Document and Record Control Procedure

Procedure number	00
ISO/IEC 17025 reference	Clause 8.4
Revision	00
Effective date	[Enter date]
Approved by	[Quality Manager / Laboratory Director]

1. Purpose

To establish and maintain a systematic process for the control of all documents and records within the laboratory's Quality Management System (QMS), ensuring that:

• Only current, approved versions of documents are available at all points of use.
• Changes to documents are reviewed and approved before implementation.
• Records are identified, stored, protected, retrievable, and disposed of in a controlled manner.

2. Scope

This procedure applies to all QMS documents and records, whether in paper or electronic form, including but not limited to:

Documents:

• Quality Manual
• Quality Policy and Objectives
• Procedures (this series, 00–21)
• Work instructions and standard operating procedures (SOPs)
• Appendices (forms, templates, checklists, and registers)
• External documents (standards, regulations, manufacturer manuals)

Records:

• Test and calibration results (raw data, worksheets, calculations)
• Equipment calibration certificates
• Training and competence records
• Audit reports
• Management review minutes
• Customer contracts and correspondence affecting laboratory activities

3. References

• ISO/IEC 17025:2017, Clause 7.5 — Technical records
• ISO/IEC 17025:2017, Clause 7.11 — Control of data and information management
• ISO/IEC 17025:2017, Clause 8.3 — Control of management system documents (Option A)
• ISO/IEC 17025:2017, Clause 8.4 — Control of management system records (Option A)

4. Definitions

Term	Definition
Document	Information and its supporting medium that defines, specifies, or describes activities, requirements, or results. Documents are subject to revision control.
Record	A document that states results achieved or provides evidence of activities performed. This includes technical records (observations, data, calculations) and management system records (audit reports, review minutes). Records are not revised — they are retained as-is.
Controlled document	A document issued under the authority of this procedure, with a known revision status and distribution.
Obsolete document	A superseded document that is no longer valid for use.
External document	A document of external origin that the laboratory has identified as necessary for the QMS (e.g., standards, regulations).
Appendix	A supporting document (form, template, checklist, or register) that belongs to a procedure. Appendices are controlled documents subject to revision control. When filled in, they produce records.
Register	A type of appendix that accumulates entries over time (e.g., a list of equipment, a complaint log). Unlike a one-time form, a register is a living document that is updated as new entries arise.
Master copy	The authoritative version of a document, from which all distributed copies are derived.

5. Responsibilities

info

In smaller laboratories, one person may fulfil multiple roles (e.g., the Laboratory Director may also act as Technical Manager). What matters is that the responsibilities are assigned and that the person is aware of each role they hold. Where impartiality could be compromised by combining roles (e.g., authoring and approving the same document), appropriate safeguards should be in place.

Role	Responsibility
Laboratory Director	Ultimate accountability for the QMS (ISO/IEC 17025, clause 5.7). Approves the Quality Manual, Quality Policy, and any documents with strategic significance. Resolves disputes regarding document or record control when escalation is required.
Quality Manager	Overall responsibility for the document and record control system. Assigns document numbers, approves QMS procedures, maintains the List of Internal Documents, and establishes the laboratory's record retention policy. Ensures management system records are complete and properly identified.
Technical Manager	Responsible for technical records (test data, calibration results, method validations). Reviews and approves technical documents and work instructions. Ensures technical records contain sufficient information for reproducibility.
Document author	Drafts or revises documents using the applicable template or format. Coordinates with reviewers and the Quality Manager to ensure accuracy and compliance before submission for approval.
All personnel	Use only current, approved documents. Create legible, complete, and traceable records. Protect records from damage or loss. Report any discrepancies or need for revisions to the Quality Manager.
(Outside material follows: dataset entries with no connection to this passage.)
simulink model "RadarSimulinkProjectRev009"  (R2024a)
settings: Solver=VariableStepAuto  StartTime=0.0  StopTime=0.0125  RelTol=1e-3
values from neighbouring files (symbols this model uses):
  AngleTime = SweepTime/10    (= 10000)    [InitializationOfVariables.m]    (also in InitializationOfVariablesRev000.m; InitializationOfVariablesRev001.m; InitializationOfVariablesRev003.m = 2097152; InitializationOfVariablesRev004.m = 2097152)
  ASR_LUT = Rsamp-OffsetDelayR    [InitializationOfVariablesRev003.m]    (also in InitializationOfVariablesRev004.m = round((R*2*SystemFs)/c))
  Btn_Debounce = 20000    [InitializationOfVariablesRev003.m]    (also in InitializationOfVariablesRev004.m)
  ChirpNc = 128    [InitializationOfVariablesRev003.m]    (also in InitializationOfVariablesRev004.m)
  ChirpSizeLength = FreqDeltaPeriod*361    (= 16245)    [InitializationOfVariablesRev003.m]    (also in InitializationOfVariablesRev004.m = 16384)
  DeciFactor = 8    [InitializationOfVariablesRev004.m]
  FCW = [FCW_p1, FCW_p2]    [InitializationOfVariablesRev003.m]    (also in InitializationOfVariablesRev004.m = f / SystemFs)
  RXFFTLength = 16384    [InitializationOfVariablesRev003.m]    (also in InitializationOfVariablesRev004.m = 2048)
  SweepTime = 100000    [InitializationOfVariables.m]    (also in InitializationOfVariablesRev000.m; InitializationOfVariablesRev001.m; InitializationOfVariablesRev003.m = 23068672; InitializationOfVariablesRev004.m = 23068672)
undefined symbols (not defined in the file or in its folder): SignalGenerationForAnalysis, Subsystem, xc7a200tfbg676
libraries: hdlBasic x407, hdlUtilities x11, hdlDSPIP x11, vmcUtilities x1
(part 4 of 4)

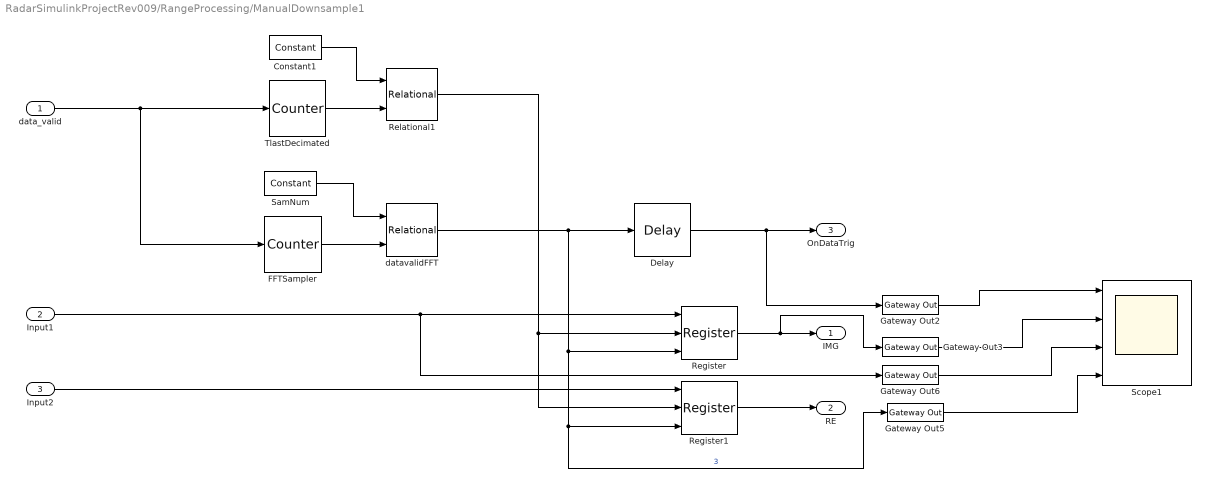
== system RadarSimulinkProjectRev009/RangeProcessing/ManualDownsample1 ==
  data_valid : Inport
  Input1 : Inport  Port=2
  Input2 : Inport  Port=3
  Constant1 : hdlBasic/Constant  const=RXFFTLength*8-1  gui_display_data_type=Fixed-point  arith_type=Signed (2's comp)  n_bits=16  bin_pt=0  preci_type=Single  exp_width=8  frac_width=24  explicit_period=off  period=1  XmcBlockStatus=1  maskContainerNames=tabcontainer1  block_type=constant  block_config=sysgen:Constant_config
  Delay : hdlBasic/Delay  rst=off  en=off  latency=1  reg_retiming=off  XmcBlockStatus=1  maskContainerNames=group1  block_type=delay  block_config=sysgen:Delay_config
  FFTSampler : hdlBasic/Counter  cnt_type=Count limited  cnt_to=DeciFactor-1  operation=Up  start_count=0  cnt_by_val=1  arith_type=Unsigned  n_bits=4  bin_pt=0  load_pin=off  rst=off  en=on  explicit_period=Explicit  period=P1  use_behavioral_HDL=off  implementation=Fabric  XmcBlockStatus=1  maskContainerNames=group1  block_type=counter  block_config=sysgen:Counter_config  block_width=531  block_height=1023
  Gateway Out{2..3,5..6} (4 alike) : hdlBasic/Gateway Out  inherit_from_input=off  bool_to_boolean=off  hdl_port=on  rows=1  columns=1  UseAsDAC=off  DACChannel='1'  interface=None  automatic_assignment=on  address_offset=hex2dec('00')  intf_name=''  intf_description=''  timing_constraint=None  locs_specified=off  LOCs={}  io_standard={}  XmcBlockStatus=1  maskContainerNames=group4  block_type=gatewayout  block_config=sysgen:gateway_out_config  block_width_w=590  block_height_w=620  block_width=620  block_height=750
  Register : hdlBasic/Register  init=0  rst=on  en=on  XmcBlockStatus=1  maskContainerNames=tabcontainer1  block_type=register  block_config=sysgen:Register_config
  Register1 : hdlBasic/Register  init=0  rst=on  en=on  XmcBlockStatus=1  maskContainerNames=tabcontainer1  block_type=register  block_config=sysgen:Register_config
  Relational1 : hdlBasic/Relational  mode=a=b  op_type=Bool  en=off  latency=0  XmcBlockStatus=1  maskContainerNames=tabcontainer1  block_type=relational  block_config=sysgen:Relational_config
  SamNum : hdlBasic/Constant  const=5  gui_display_data_type=Fixed-point  arith_type=Signed (2's comp)  n_bits=5  bin_pt=0  preci_type=Single  exp_width=8  frac_width=24  explicit_period=off  period=1  XmcBlockStatus=1  maskContainerNames=tabcontainer1  block_type=constant  block_config=sysgen:Constant_config
  Scope1 : Scope  NumInputPorts=4
  TlastDecimated : hdlBasic/Counter  cnt_type=Count limited  cnt_to=2047  operation=Up  start_count=0  cnt_by_val=1  arith_type=Unsigned  n_bits=12  bin_pt=0  load_pin=off  rst=off  en=on  explicit_period=Inferred from inputs  period=P1  use_behavioral_HDL=off  implementation=Fabric  XmcBlockStatus=1  maskContainerNames=group1  block_type=counter  block_config=sysgen:Counter_config  block_width=531  block_height=1023
  datavalidFFT : hdlBasic/Relational  mode=a=b  op_type=Bool  en=off  latency=0  XmcBlockStatus=1  maskContainerNames=tabcontainer1  block_type=relational  block_config=sysgen:Relational_config
  IMG : Outport
  RE : Outport  Port=2
  OnDataTrig : Outport  Port=3
  wires:
  data_valid/1 -> FFTSampler/1, TlastDecimated/1
  Constant1/1 -> Relational1/1
  FFTSampler/1 -> datavalidFFT/2
  datavalidFFT/1 -> Gateway Out5/1, Register1/3, Register/3, Delay/1  "3"
  TlastDecimated/1 -> Relational1/2
  SamNum/1 -> datavalidFFT/1
  Register/1 -> Gateway Out3/1, IMG/1
  Register1/1 -> RE/1
  Delay/1 -> Gateway Out2/1, OnDataTrig/1
  Input1/1 -> Gateway Out6/1, Register/1
  Input2/1 -> Register1/1
  Relational1/1 -> Register/2, Register1/2
  Gateway Out3/1 -> Scope1/2
  Gateway Out6/1 -> Scope1/3
  Gateway Out5/1 -> Scope1/4
  Gateway Out2/1 -> Scope1/1

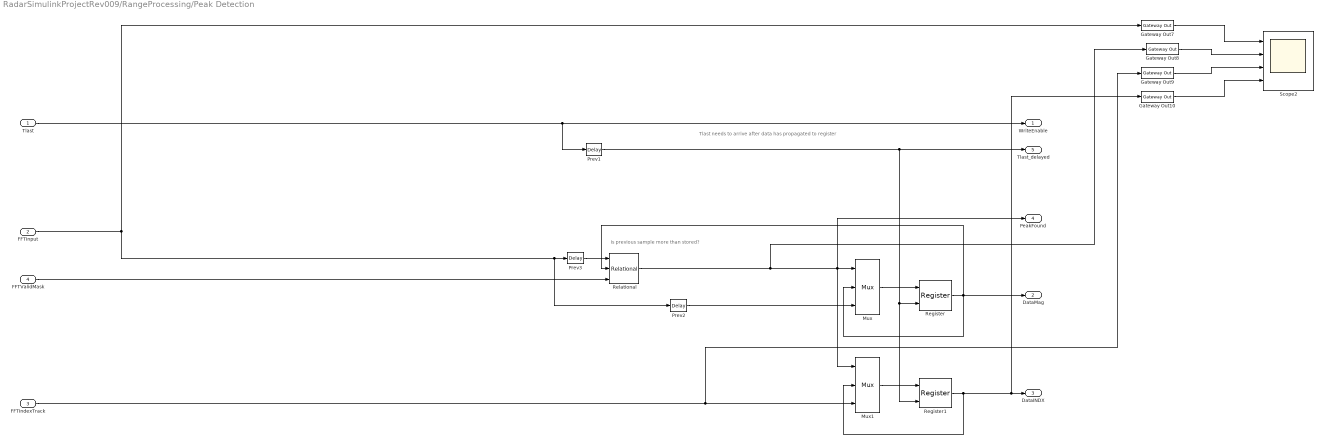
== system RadarSimulinkProjectRev009/RangeProcessing/Peak Detection ==
  note: Tlast needs to arrive after data has propagated to register
  note: Is previous sample more than stored?
  Tlast : Inport
  FFTInput : Inport  Port=2
  FFTIndexTrack : Inport  Port=3
  FFTValidMask : Inport  Port=4
  Gateway Out{7..10} (4 alike) : hdlBasic/Gateway Out  inherit_from_input=off  bool_to_boolean=off  hdl_port=on  rows=1  columns=1  UseAsDAC=off  DACChannel='1'  interface=None  automatic_assignment=on  address_offset=hex2dec('00')  intf_name=''  intf_description=''  timing_constraint=None  locs_specified=off  LOCs={}  io_standard={}  XmcBlockStatus=1  maskContainerNames=group4  block_type=gatewayout  block_config=sysgen:gateway_out_config  block_width_w=590  block_height_w=620  block_width=620  block_height=750
  Mux : hdlBasic/Mux  inputs=2  en=off  latency=0  precision=Full  arith_type=Unsigned  n_bits=16  bin_pt=14  quantization=Truncate  overflow=Wrap  XmcBlockStatus=1  maskContainerNames=tabcontainer1  block_type=mux  block_config=sysgen:Mux_config
  Mux1 : hdlBasic/Mux  inputs=2  en=off  latency=0  precision=Full  arith_type=Unsigned  n_bits=16  bin_pt=14  quantization=Truncate  overflow=Wrap  XmcBlockStatus=1  maskContainerNames=tabcontainer1  block_type=mux  block_config=sysgen:Mux_config
  Prev1 : hdlBasic/Delay  rst=off  en=off  latency=4  reg_retiming=off  XmcBlockStatus=1  maskContainerNames=group1  block_type=delay  block_config=sysgen:Delay_config
  Prev2 : hdlBasic/Delay  rst=off  en=off  latency=2  reg_retiming=off  XmcBlockStatus=1  maskContainerNames=group1  block_type=delay  block_config=sysgen:Delay_config
  Prev3 : hdlBasic/Delay  rst=off  en=off  latency=1  reg_retiming=off  XmcBlockStatus=1  maskContainerNames=group1  block_type=delay  block_config=sysgen:Delay_config
  Register : hdlBasic/Register  init=0  rst=on  en=off  XmcBlockStatus=1  maskContainerNames=tabcontainer1  block_type=register  block_config=sysgen:Register_config
  Register1 : hdlBasic/Register  init=0  rst=on  en=off  XmcBlockStatus=1  maskContainerNames=tabcontainer1  block_type=register  block_config=sysgen:Register_config
  Relational : hdlBasic/Relational  mode=a>b  op_type=Bool  en=on  latency=1  XmcBlockStatus=1  maskContainerNames=tabcontainer1  block_type=relational  block_config=sysgen:Relational_config
  Scope2 : Scope  NumInputPorts=4
  WriteEnable : Outport
  DataMag : Outport  Port=2
  DataINDX : Outport  Port=3
  PeakFound : Outport  Port=4
  Tlast_delayed : Outport  Port=5
  wires:
  FFTValidMask/1 -> Relational/3
  Tlast/1 -> Prev1/1, WriteEnable/1
  Prev2/1 -> Mux/3
  Register/1 -> Relational/2, DataMag/1, Mux/2
  Mux/1 -> Register/1
  Register1/1 -> Gateway Out10/1, DataINDX/1, Mux1/2
  FFTIndexTrack/1 -> Gateway Out9/1, Mux1/3
  Mux1/1 -> Register1/1
  Prev1/1 -> Register1/2, Register/2, Tlast_delayed/1
  Gateway Out7/1 -> Scope2/1
  Gateway Out8/1 -> Scope2/2
  Gateway Out9/1 -> Scope2/3
  Gateway Out10/1 -> Scope2/4
  FFTInput/1 -> Gateway Out7/1, Prev3/1, Prev2/1
  Prev3/1 -> Relational/1
  Relational/1 -> Gateway Out8/1, Mux1/1, Mux/1, PeakFound/1

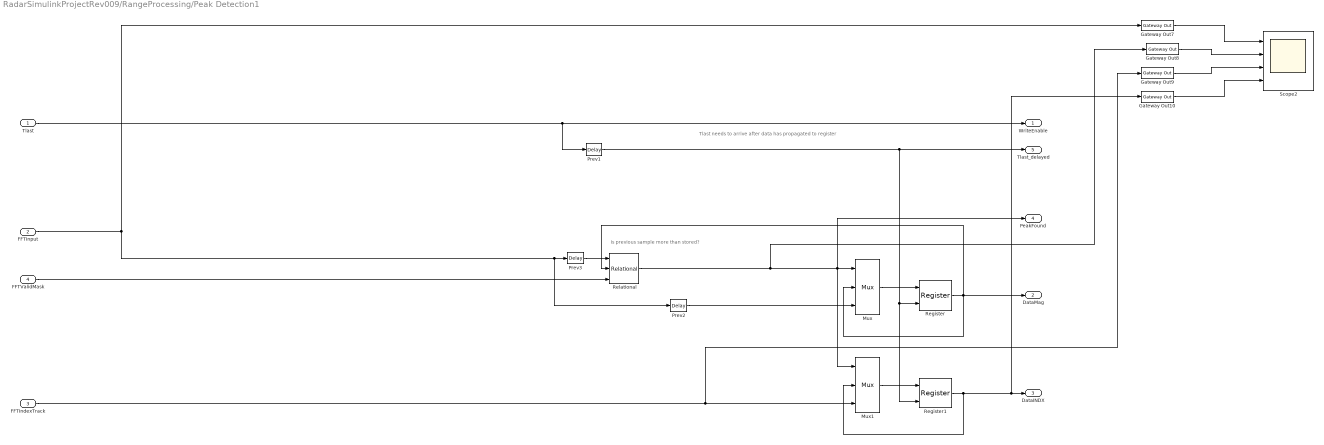
== system RadarSimulinkProjectRev009/RangeProcessing/Peak Detection1 ==
  note: Tlast needs to arrive after data has propagated to register
  note: Is previous sample more than stored?
  Tlast : Inport
  FFTInput : Inport  Port=2
  FFTIndexTrack : Inport  Port=3
  FFTValidMask : Inport  Port=4
  Gateway Out{7..10} (4 alike) : hdlBasic/Gateway Out  inherit_from_input=off  bool_to_boolean=off  hdl_port=on  rows=1  columns=1  UseAsDAC=off  DACChannel='1'  interface=None  automatic_assignment=on  address_offset=hex2dec('00')  intf_name=''  intf_description=''  timing_constraint=None  locs_specified=off  LOCs={}  io_standard={}  XmcBlockStatus=1  maskContainerNames=group4  block_type=gatewayout  block_config=sysgen:gateway_out_config  block_width_w=590  block_height_w=620  block_width=620  block_height=750
  Mux : hdlBasic/Mux  inputs=2  en=off  latency=0  precision=Full  arith_type=Unsigned  n_bits=16  bin_pt=14  quantization=Truncate  overflow=Wrap  XmcBlockStatus=1  maskContainerNames=tabcontainer1  block_type=mux  block_config=sysgen:Mux_config
  Mux1 : hdlBasic/Mux  inputs=2  en=off  latency=0  precision=Full  arith_type=Unsigned  n_bits=16  bin_pt=14  quantization=Truncate  overflow=Wrap  XmcBlockStatus=1  maskContainerNames=tabcontainer1  block_type=mux  block_config=sysgen:Mux_config
  Prev1 : hdlBasic/Delay  rst=off  en=off  latency=4  reg_retiming=off  XmcBlockStatus=1  maskContainerNames=group1  block_type=delay  block_config=sysgen:Delay_config
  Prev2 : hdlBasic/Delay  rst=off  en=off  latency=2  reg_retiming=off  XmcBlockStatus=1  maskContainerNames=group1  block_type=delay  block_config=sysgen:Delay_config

6. Procedure — Document Control

6.1 Document identification

Every controlled document shall include:

• A unique document number, assigned by the Quality Manager (following the numbering scheme in Appendix 1)
• Document title
• Revision number (starting at 00)
• Effective date
• Page number and total pages (e.g., Page 1 of 5) — where applicable to the document format
• Approval signature or equivalent authorization

6.2 Creation and review

1. The author drafts the document using the applicable template or format.
2. The draft is reviewed by at least one person with relevant knowledge who was not the sole author. In small laboratories where personnel availability is limited, the Quality Manager or Laboratory Director may serve as the sole reviewer.
3. The Quality Manager reviews the document for compliance with the QMS structure and ISO/IEC 17025 requirements.

6.3 Approval

1. Management system procedures and policies are approved by the Quality Manager (or Laboratory Director for the Quality Manual and Quality Policy).
2. Technical documents (work instructions, SOPs, test methods) are approved by the Technical Manager.
3. Approval is recorded by signature (physical or electronic) and date on the document or on a separate approval form.
4. No document shall be distributed or used prior to approval.

6.4 Distribution

1. Approved documents are made available to all personnel who need them at their points of use.
2. The Quality Manager maintains a List of Internal Documents (Appendix 1) recording the current revision and distribution of each document.
3. When a new revision is issued, previous copies shall be withdrawn and replaced. For paper-based distribution, the Quality Manager confirms withdrawal from each recipient using the distribution list. Electronic document management systems shall ensure that users can only access the current approved version.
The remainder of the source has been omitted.